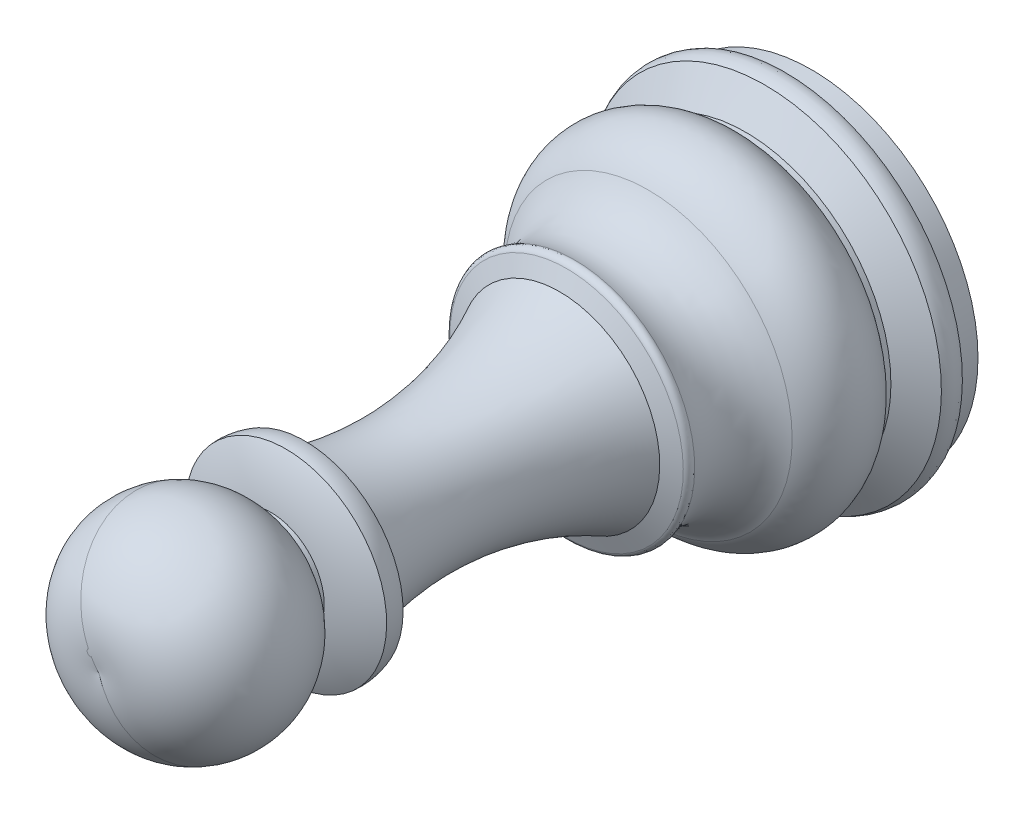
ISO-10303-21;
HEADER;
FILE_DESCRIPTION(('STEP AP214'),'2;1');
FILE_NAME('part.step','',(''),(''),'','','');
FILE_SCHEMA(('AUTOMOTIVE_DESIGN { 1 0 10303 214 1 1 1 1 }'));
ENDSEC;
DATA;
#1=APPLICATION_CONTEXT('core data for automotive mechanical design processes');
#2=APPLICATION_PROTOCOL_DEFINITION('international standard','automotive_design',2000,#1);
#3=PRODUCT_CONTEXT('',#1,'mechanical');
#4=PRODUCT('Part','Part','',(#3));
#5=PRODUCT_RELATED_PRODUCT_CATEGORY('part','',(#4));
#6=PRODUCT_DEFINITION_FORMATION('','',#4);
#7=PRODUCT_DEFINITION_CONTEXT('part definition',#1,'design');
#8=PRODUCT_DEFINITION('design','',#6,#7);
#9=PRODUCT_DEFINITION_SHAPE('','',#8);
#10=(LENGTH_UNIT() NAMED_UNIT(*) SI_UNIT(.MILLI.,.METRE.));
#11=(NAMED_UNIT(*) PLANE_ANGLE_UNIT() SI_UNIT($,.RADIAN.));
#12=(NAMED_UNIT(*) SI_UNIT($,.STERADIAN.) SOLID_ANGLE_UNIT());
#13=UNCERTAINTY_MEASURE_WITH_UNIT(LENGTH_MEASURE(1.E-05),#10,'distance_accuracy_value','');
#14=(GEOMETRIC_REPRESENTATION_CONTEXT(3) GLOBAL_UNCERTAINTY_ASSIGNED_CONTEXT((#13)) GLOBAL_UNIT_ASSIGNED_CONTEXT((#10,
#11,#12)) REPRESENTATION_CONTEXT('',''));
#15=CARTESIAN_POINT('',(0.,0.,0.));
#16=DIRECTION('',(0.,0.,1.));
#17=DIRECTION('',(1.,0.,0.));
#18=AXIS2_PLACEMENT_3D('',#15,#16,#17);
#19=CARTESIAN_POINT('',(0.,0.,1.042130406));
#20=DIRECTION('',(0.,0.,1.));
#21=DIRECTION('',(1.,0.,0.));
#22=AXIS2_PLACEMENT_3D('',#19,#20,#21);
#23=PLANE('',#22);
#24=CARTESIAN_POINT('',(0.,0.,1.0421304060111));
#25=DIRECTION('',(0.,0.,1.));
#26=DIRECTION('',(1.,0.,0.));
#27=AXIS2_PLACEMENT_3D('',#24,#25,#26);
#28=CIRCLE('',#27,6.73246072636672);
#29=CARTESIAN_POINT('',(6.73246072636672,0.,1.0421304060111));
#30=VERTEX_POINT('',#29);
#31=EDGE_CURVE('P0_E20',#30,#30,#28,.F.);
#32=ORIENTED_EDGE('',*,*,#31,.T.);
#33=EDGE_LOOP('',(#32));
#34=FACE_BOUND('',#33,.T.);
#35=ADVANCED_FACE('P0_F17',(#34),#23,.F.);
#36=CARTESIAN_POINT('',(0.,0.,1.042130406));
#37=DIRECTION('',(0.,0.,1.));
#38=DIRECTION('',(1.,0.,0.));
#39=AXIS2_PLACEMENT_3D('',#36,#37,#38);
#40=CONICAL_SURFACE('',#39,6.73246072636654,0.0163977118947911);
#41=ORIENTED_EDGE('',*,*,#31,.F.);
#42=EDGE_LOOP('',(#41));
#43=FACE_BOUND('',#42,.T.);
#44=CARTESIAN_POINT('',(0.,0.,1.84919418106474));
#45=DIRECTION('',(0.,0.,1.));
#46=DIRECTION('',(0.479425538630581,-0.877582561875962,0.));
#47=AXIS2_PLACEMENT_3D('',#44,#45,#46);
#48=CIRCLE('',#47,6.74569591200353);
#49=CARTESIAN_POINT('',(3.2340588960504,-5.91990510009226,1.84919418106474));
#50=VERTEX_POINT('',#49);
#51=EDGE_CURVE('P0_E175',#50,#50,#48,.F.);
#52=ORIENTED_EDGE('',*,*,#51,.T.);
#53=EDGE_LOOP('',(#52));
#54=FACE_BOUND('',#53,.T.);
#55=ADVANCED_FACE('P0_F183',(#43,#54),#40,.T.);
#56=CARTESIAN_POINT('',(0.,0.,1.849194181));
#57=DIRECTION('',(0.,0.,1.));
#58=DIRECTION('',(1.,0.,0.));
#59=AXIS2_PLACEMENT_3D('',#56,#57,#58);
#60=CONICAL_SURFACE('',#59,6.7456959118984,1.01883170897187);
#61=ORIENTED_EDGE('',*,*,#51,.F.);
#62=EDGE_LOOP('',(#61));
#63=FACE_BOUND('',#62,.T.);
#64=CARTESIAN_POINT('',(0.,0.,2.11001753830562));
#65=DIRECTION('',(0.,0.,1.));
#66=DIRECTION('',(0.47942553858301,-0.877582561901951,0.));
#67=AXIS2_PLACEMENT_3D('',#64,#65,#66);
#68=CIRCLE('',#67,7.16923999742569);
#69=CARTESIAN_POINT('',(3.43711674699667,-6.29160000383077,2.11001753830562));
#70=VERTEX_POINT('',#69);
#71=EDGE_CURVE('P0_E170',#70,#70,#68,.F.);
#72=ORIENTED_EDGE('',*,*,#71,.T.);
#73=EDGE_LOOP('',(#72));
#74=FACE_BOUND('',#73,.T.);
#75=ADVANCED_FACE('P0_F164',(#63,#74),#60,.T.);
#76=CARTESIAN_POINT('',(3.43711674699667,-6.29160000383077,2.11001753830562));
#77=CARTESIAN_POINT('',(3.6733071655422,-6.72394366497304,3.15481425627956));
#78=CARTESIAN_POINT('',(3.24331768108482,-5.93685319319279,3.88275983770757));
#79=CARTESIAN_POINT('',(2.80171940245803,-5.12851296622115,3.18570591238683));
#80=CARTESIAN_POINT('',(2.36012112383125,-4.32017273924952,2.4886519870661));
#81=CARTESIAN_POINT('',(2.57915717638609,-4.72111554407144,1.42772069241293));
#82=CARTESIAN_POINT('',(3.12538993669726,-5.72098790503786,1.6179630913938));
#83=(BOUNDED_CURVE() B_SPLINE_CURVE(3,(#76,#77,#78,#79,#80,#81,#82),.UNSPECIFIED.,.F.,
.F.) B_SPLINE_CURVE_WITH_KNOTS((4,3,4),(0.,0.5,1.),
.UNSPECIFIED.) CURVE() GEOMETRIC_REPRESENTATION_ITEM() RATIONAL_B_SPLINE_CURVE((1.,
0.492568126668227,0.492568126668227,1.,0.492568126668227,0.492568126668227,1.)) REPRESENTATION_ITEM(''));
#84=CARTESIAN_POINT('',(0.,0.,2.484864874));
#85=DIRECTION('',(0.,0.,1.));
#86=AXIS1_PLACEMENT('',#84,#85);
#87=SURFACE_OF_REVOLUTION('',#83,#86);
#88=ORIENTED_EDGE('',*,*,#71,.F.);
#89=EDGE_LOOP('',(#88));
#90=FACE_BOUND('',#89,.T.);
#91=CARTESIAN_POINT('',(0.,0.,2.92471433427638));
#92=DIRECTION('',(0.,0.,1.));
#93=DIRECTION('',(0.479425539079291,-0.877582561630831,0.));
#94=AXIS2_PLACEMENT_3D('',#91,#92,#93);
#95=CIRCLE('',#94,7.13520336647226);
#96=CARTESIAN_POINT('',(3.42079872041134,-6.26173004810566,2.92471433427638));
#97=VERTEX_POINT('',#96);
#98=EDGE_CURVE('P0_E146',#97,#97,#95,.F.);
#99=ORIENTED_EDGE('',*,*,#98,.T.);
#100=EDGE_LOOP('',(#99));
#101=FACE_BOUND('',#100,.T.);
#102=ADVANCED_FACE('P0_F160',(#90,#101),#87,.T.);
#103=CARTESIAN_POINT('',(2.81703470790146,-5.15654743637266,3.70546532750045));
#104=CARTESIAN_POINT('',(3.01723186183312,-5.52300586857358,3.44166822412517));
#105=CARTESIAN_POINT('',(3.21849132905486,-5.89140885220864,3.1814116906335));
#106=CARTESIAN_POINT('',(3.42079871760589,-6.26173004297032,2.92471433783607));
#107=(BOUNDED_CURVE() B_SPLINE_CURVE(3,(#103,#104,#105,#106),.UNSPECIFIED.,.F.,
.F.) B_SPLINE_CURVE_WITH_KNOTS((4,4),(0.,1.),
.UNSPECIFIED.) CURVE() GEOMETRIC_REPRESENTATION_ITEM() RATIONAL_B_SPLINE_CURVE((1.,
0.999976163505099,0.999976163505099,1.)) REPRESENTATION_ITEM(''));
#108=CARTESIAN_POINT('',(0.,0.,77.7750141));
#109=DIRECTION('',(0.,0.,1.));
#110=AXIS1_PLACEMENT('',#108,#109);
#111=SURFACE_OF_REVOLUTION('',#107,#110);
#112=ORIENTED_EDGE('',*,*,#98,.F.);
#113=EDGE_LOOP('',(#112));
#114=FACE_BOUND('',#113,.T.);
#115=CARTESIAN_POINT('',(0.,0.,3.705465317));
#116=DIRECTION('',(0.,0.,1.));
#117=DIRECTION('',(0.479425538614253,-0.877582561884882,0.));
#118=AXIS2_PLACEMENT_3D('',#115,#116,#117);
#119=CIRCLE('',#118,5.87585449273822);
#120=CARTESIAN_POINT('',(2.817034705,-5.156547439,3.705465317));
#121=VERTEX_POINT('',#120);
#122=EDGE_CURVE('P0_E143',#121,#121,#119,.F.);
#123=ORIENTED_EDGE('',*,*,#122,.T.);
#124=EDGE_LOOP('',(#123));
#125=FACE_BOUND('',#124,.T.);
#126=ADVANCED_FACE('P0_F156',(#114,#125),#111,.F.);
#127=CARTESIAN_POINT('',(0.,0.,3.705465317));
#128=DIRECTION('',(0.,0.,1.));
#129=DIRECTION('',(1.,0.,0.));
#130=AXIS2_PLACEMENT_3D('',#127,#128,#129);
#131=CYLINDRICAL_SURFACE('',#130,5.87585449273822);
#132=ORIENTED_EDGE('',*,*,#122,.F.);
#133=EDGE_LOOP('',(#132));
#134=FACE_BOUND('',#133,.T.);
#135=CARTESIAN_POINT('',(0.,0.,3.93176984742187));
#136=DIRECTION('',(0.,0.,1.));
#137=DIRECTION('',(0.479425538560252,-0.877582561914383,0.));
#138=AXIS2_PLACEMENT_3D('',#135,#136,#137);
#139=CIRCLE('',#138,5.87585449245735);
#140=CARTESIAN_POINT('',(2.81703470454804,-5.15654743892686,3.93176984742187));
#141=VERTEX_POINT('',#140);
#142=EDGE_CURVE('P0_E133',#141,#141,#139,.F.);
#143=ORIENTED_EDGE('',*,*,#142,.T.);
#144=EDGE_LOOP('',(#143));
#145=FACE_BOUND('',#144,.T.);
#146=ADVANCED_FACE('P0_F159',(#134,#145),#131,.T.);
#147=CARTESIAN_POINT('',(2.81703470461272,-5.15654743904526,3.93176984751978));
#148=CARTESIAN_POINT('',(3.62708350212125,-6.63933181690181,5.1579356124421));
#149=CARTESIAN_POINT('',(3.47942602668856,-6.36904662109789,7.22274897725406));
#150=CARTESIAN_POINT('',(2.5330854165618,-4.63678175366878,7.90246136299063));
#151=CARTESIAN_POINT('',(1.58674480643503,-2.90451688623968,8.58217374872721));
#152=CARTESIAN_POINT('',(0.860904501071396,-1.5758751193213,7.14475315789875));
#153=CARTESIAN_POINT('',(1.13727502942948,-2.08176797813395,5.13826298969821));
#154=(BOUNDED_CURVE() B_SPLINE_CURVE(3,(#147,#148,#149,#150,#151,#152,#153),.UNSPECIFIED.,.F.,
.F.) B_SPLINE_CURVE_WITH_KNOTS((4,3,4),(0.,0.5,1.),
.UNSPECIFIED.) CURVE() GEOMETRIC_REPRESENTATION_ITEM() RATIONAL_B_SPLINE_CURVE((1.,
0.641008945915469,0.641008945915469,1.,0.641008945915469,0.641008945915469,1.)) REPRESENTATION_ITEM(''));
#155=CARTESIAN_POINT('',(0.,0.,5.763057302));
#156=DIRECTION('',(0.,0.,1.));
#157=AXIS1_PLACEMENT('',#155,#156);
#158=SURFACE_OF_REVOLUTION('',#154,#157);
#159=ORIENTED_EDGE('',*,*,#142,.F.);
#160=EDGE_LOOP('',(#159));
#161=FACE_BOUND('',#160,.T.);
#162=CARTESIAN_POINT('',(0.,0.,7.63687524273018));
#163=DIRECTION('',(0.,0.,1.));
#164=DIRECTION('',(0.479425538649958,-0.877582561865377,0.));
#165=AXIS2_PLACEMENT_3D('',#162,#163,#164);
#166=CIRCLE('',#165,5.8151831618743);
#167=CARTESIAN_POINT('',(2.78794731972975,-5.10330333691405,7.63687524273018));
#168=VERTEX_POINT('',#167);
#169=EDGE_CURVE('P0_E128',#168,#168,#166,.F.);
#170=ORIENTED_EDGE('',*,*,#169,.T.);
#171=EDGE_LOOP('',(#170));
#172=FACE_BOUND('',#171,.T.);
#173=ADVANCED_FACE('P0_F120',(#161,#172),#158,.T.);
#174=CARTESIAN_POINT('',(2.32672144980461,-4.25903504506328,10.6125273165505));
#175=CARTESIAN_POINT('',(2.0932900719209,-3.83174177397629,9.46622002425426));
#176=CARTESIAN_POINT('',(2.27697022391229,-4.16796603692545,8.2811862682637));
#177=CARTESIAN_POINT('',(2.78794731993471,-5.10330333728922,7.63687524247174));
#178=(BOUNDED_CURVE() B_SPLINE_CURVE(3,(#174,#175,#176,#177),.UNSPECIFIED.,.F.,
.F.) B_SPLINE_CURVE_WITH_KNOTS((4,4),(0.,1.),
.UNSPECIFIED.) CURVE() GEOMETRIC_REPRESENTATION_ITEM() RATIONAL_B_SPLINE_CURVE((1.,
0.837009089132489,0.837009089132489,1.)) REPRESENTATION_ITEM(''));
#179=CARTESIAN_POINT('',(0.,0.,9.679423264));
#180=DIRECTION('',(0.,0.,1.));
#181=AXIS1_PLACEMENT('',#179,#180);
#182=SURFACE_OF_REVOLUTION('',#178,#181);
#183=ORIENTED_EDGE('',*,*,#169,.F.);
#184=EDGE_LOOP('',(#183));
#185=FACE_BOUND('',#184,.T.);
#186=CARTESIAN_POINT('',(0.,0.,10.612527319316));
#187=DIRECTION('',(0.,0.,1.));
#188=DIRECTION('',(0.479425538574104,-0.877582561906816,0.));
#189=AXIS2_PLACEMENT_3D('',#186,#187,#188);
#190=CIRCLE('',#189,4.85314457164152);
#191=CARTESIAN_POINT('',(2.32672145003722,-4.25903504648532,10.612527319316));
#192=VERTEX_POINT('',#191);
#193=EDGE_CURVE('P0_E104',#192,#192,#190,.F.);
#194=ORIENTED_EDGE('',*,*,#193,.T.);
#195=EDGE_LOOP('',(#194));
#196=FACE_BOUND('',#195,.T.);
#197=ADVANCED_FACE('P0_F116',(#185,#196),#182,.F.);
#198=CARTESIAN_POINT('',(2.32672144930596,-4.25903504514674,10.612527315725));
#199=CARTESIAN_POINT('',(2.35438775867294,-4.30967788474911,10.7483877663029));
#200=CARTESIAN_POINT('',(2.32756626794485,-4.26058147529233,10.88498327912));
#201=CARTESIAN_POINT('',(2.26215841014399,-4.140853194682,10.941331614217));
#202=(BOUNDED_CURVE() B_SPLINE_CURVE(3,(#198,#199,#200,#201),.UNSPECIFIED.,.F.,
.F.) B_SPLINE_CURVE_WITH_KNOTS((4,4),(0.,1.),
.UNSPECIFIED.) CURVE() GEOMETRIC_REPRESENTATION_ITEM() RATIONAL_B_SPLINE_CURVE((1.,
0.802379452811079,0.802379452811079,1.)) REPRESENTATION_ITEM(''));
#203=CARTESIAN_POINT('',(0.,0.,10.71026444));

#### EXERCISE
Please return only the lines above, starting at the line that has "#53=EDGE_LOOP('',(#52));" and ending at the line that has "#65=DIRECTION('',(0.,0.,1.));", keeping both and leaving each one unchanged.

#### EXERCISE OUTPUT
#53=EDGE_LOOP('',(#52));
#54=FACE_BOUND('',#53,.T.);
#55=ADVANCED_FACE('P0_F183',(#43,#54),#40,.T.);
#56=CARTESIAN_POINT('',(0.,0.,1.849194181));
#57=DIRECTION('',(0.,0.,1.));
#58=DIRECTION('',(1.,0.,0.));
#59=AXIS2_PLACEMENT_3D('',#56,#57,#58);
#60=CONICAL_SURFACE('',#59,6.7456959118984,1.01883170897187);
#61=ORIENTED_EDGE('',*,*,#51,.F.);
#62=EDGE_LOOP('',(#61));
#63=FACE_BOUND('',#62,.T.);
#64=CARTESIAN_POINT('',(0.,0.,2.11001753830562));
#65=DIRECTION('',(0.,0.,1.));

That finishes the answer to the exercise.